◆ About this task
Reproduce the records below exactly from their first line through the line containing "#13580 = CARTESIAN_POINT", omitting all pictures.

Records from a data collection
+ + + + + + +

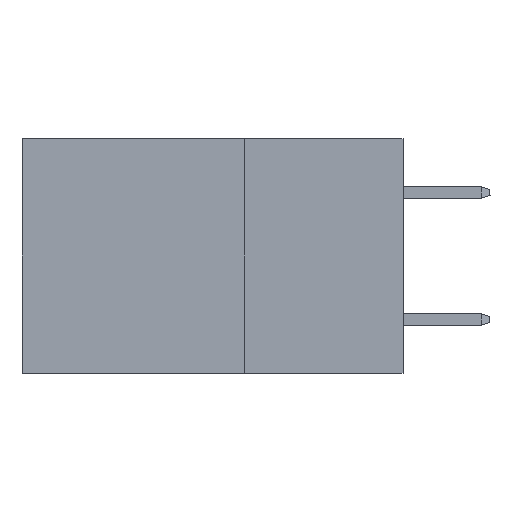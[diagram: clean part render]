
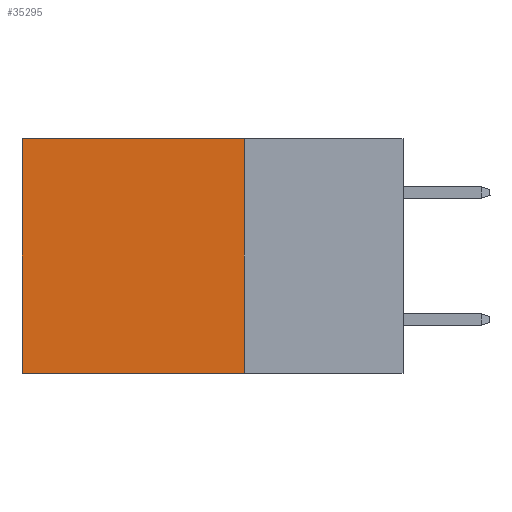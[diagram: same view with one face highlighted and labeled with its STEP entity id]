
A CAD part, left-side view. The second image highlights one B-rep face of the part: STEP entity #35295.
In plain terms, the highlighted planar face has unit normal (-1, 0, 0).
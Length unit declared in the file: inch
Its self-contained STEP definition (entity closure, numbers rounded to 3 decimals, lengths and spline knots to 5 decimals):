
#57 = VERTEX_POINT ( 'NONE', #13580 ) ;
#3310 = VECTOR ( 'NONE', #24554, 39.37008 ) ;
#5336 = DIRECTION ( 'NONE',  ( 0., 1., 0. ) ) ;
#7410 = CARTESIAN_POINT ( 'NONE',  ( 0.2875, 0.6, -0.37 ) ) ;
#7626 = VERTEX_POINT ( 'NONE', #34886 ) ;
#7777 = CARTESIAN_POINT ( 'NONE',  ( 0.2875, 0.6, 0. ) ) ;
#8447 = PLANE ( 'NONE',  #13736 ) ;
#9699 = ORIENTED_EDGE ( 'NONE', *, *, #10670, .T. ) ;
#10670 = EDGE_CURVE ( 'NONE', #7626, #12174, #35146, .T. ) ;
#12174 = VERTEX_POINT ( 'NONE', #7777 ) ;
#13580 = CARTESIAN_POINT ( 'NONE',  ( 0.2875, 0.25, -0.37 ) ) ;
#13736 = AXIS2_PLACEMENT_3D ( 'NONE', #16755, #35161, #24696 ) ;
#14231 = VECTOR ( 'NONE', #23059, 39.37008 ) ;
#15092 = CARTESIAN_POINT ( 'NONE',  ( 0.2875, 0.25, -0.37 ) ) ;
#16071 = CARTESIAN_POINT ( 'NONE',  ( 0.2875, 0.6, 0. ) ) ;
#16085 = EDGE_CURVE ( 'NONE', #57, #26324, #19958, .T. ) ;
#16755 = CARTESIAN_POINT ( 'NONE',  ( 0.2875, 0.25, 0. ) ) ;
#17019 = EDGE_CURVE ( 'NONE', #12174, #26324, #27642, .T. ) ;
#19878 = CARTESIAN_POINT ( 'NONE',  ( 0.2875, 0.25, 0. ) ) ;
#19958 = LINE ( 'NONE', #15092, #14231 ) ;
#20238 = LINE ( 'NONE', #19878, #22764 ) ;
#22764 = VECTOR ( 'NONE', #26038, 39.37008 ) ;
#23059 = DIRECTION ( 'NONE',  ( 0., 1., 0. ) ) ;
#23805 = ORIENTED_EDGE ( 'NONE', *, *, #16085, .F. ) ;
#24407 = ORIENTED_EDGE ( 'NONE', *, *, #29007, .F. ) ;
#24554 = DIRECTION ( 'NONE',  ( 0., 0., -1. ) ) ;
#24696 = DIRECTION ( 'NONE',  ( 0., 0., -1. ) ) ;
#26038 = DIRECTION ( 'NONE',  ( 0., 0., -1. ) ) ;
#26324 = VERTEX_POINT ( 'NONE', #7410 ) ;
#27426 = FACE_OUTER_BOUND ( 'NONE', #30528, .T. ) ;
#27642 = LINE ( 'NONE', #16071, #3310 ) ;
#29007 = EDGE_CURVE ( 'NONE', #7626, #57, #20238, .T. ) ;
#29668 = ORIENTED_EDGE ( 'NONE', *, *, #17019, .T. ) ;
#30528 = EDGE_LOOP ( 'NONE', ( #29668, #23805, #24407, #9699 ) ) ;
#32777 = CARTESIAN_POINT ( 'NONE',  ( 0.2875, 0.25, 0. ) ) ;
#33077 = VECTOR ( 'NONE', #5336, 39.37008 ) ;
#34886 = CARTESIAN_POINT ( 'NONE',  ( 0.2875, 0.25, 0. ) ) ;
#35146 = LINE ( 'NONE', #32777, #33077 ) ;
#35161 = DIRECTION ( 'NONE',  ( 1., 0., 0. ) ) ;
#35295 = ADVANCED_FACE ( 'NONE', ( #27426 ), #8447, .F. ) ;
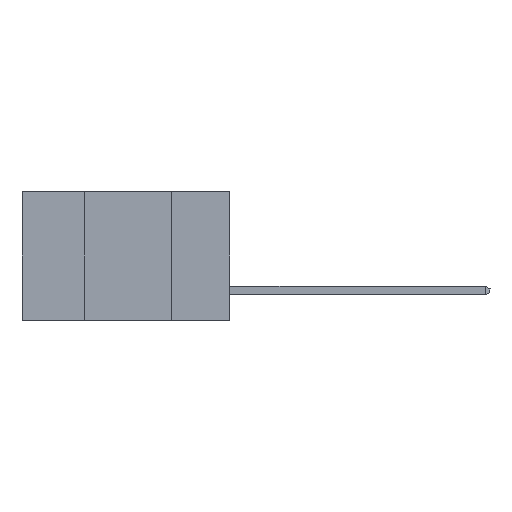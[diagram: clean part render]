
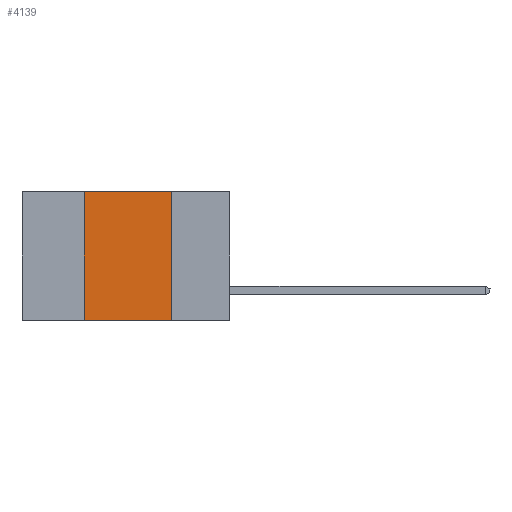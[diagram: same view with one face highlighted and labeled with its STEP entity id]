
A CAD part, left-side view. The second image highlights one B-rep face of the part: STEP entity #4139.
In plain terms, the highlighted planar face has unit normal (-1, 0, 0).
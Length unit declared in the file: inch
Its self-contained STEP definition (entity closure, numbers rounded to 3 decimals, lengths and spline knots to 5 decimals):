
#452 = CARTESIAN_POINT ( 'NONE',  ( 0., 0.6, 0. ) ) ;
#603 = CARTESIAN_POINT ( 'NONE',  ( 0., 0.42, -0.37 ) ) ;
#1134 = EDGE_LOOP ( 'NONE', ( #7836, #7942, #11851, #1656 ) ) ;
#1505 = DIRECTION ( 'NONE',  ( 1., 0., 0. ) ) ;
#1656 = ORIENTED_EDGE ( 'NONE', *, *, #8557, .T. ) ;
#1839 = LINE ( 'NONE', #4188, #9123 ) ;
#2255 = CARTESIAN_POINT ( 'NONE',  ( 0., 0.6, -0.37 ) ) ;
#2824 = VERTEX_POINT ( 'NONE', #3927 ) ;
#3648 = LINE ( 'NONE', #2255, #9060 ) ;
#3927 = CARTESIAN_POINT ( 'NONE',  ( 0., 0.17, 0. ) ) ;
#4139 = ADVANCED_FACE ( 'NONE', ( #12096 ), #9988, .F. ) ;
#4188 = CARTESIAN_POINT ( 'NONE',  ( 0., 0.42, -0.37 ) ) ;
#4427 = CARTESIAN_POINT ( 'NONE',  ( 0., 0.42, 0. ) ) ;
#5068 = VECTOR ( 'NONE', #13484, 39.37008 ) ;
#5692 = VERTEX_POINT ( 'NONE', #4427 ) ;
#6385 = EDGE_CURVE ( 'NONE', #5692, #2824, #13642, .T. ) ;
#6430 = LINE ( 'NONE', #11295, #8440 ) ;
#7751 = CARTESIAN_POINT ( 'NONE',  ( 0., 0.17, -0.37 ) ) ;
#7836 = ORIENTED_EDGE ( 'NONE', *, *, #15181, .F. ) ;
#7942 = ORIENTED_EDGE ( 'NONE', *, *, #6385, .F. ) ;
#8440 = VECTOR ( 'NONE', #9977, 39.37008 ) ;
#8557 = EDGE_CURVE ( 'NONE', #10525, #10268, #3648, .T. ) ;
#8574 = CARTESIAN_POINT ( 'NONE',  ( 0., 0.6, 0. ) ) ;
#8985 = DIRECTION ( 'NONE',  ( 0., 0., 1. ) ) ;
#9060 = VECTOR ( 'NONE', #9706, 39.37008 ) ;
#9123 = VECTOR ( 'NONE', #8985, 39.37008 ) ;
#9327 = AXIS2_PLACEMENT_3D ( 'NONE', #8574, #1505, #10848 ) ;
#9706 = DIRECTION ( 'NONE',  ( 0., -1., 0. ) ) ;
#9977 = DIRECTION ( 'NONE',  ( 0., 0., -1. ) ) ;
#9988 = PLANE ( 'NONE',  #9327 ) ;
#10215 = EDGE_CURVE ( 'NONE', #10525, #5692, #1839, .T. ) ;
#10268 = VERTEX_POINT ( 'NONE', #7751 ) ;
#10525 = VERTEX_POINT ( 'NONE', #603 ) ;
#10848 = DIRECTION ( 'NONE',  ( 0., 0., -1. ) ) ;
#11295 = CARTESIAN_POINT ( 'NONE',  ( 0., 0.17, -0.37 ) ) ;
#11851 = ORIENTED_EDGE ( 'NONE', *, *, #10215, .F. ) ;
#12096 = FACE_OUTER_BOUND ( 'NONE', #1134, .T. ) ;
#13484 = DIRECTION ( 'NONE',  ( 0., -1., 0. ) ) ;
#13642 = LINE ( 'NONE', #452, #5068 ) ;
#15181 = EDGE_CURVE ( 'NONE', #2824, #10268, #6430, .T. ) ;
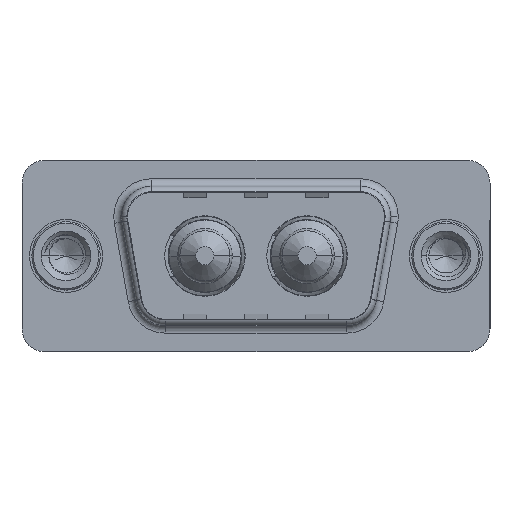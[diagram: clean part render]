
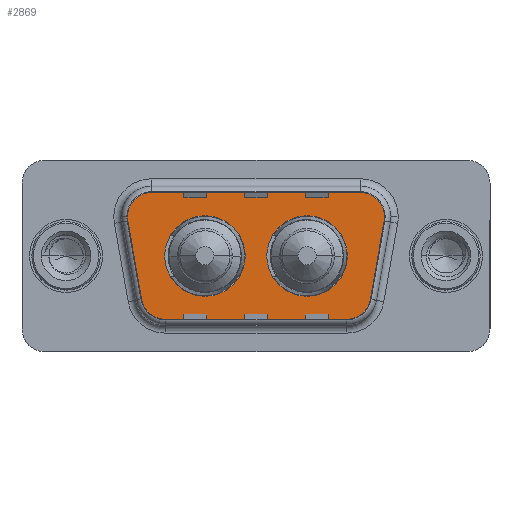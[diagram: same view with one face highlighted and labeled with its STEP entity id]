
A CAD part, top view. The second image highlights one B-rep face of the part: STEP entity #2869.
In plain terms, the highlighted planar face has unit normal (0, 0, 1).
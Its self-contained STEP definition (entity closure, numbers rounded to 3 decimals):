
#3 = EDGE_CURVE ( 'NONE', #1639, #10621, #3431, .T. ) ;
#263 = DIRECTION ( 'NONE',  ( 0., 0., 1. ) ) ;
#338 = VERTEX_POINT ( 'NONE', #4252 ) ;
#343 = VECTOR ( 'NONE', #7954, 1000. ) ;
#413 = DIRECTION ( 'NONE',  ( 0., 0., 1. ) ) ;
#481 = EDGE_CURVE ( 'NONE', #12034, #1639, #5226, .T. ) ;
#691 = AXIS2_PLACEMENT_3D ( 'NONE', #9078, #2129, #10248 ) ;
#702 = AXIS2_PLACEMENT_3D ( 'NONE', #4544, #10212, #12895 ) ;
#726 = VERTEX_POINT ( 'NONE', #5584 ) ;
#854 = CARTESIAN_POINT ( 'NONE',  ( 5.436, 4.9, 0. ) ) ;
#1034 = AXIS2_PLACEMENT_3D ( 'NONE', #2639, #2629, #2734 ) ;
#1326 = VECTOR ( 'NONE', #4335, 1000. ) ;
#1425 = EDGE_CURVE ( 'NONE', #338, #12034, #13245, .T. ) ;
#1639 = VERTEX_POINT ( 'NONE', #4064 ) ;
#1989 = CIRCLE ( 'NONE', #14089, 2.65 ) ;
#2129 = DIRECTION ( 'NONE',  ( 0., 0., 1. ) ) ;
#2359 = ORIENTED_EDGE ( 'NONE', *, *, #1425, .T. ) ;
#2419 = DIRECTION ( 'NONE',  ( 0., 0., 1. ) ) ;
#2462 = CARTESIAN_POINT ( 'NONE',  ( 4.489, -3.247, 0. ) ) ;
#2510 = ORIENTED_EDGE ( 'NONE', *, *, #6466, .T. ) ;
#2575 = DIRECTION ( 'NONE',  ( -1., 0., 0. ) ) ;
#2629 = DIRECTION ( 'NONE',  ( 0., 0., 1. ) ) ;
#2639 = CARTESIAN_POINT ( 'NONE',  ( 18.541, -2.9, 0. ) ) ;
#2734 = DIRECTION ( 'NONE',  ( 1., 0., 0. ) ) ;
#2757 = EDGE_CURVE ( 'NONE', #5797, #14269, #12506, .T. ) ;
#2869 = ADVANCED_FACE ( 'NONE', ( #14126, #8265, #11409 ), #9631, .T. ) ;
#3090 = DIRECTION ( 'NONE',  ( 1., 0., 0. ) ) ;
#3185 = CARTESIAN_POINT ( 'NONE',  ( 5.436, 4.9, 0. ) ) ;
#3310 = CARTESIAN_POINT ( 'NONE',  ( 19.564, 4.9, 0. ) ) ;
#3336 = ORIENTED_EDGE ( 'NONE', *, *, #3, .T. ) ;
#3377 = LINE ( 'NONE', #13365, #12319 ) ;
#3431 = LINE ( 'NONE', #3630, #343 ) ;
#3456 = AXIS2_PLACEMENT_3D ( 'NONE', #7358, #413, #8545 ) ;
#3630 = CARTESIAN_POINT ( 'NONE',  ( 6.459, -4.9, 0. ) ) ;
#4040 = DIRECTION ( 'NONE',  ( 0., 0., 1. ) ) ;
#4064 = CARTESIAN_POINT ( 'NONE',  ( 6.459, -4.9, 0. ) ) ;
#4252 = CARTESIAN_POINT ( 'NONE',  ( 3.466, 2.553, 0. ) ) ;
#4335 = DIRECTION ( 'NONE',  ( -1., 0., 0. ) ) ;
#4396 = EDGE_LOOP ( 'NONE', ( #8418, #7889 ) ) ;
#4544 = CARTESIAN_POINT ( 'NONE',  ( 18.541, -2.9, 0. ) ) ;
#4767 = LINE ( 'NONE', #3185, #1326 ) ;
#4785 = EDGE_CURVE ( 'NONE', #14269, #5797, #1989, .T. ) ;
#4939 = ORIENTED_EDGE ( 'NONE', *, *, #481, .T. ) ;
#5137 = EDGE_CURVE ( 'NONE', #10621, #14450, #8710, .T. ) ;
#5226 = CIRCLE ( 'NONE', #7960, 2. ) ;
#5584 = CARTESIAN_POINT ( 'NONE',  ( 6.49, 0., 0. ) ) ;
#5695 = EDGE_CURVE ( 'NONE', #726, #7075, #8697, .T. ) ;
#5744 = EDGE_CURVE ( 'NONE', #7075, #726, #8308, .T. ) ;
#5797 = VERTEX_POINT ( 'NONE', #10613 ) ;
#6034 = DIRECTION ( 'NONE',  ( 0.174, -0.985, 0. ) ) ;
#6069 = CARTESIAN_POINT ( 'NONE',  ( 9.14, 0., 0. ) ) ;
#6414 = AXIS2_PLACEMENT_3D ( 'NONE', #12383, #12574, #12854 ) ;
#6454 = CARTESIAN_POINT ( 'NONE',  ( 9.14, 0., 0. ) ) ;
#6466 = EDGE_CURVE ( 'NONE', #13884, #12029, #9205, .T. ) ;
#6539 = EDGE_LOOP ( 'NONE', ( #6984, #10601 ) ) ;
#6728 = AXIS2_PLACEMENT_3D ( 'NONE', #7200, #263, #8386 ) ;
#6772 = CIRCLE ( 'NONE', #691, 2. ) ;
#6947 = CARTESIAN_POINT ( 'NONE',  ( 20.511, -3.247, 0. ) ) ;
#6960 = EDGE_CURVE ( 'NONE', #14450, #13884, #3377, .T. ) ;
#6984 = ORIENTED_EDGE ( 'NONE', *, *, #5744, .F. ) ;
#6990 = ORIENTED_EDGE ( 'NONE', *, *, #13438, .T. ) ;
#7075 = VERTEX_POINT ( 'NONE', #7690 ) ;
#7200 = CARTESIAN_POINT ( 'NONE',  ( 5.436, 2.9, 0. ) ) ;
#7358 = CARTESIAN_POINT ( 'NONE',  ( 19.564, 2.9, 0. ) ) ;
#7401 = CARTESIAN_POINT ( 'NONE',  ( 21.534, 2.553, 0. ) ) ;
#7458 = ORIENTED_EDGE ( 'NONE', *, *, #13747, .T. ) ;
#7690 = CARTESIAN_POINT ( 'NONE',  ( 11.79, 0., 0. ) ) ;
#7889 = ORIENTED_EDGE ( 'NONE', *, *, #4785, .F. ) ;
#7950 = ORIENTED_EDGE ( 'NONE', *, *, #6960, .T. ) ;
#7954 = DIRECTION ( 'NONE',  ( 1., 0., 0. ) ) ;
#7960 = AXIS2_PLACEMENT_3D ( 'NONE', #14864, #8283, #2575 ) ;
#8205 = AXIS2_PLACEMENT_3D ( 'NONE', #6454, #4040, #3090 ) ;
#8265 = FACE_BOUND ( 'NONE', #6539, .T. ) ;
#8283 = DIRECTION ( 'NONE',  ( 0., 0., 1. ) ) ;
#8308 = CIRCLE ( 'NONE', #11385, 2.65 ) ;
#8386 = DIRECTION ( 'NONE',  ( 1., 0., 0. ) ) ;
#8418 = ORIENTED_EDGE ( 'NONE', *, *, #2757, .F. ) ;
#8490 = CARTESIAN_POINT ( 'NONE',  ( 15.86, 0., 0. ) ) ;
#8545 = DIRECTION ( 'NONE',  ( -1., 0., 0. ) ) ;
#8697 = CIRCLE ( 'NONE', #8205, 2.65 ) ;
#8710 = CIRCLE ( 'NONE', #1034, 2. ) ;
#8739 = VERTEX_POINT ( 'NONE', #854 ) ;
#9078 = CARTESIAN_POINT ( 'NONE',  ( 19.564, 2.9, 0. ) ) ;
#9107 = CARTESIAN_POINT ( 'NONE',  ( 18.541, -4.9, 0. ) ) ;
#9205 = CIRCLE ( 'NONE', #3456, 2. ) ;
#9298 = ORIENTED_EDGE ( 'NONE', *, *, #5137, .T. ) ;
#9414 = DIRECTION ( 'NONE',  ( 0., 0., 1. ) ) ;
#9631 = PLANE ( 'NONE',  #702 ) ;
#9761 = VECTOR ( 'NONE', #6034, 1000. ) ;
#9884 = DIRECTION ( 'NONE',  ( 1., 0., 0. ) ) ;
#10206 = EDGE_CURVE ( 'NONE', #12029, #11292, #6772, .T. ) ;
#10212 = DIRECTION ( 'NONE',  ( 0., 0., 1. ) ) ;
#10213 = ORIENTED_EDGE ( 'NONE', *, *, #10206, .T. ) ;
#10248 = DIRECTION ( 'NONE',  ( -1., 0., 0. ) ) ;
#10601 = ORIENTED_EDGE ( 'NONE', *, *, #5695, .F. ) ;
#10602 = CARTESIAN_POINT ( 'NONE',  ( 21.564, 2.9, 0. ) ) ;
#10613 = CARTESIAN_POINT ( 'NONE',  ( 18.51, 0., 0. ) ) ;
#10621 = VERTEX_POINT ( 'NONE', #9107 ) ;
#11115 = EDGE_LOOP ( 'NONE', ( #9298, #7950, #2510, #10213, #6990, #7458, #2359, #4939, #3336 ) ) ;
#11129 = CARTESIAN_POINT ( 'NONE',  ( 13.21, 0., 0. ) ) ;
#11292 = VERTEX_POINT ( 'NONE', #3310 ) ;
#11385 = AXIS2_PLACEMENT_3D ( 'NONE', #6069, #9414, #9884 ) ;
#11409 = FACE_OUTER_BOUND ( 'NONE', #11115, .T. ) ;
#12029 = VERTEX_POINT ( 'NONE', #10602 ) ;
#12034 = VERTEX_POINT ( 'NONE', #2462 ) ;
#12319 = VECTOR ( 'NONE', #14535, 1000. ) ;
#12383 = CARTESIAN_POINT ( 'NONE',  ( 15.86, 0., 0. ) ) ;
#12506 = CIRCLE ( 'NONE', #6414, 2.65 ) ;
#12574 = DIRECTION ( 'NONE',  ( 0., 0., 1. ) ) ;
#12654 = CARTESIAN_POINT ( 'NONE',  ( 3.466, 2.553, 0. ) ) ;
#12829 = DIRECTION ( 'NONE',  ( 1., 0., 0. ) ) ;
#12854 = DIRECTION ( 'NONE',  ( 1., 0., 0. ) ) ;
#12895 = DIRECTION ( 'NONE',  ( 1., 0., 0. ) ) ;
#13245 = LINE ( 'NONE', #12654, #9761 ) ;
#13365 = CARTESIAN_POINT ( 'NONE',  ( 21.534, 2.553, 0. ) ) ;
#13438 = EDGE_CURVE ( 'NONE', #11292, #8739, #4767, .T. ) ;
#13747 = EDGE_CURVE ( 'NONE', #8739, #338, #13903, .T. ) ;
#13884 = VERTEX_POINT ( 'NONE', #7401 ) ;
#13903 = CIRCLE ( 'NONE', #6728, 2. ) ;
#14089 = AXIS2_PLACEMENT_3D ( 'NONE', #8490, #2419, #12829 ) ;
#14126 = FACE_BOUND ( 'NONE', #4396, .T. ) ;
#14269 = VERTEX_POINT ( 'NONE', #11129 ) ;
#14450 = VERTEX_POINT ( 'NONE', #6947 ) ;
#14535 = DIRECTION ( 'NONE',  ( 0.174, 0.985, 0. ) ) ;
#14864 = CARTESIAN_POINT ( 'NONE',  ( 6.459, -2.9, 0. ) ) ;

+ + + + + + +

◆ Answer space
[diagram: clean part render]
[diagram: same view with one face highlighted and labeled with its STEP entity id]
A CAD part, left-side view. The second image highlights one B-rep face of the part: STEP entity #35295.
In plain terms, the highlighted planar face has unit normal (-1, 0, 0).
Length unit declared in the file: inch
Its self-contained STEP definition (entity closure, numbers rounded to 3 decimals, lengths and spline knots to 5 decimals):
#57 = VERTEX_POINT ( 'NONE', #13580 ) ;
#3310 = VECTOR ( 'NONE', #24554, 39.37008 ) ;
#5336 = DIRECTION ( 'NONE',  ( 0., 1., 0. ) ) ;
#7410 = CARTESIAN_POINT ( 'NONE',  ( 0.2875, 0.6, -0.37 ) ) ;
#7626 = VERTEX_POINT ( 'NONE', #34886 ) ;
#7777 = CARTESIAN_POINT ( 'NONE',  ( 0.2875, 0.6, 0. ) ) ;
#8447 = PLANE ( 'NONE',  #13736 ) ;
#9699 = ORIENTED_EDGE ( 'NONE', *, *, #10670, .T. ) ;
#10670 = EDGE_CURVE ( 'NONE', #7626, #12174, #35146, .T. ) ;
#12174 = VERTEX_POINT ( 'NONE', #7777 ) ;
#13580 = CARTESIAN_POINT ( 'NONE',  ( 0.2875, 0.25, -0.37 ) ) ;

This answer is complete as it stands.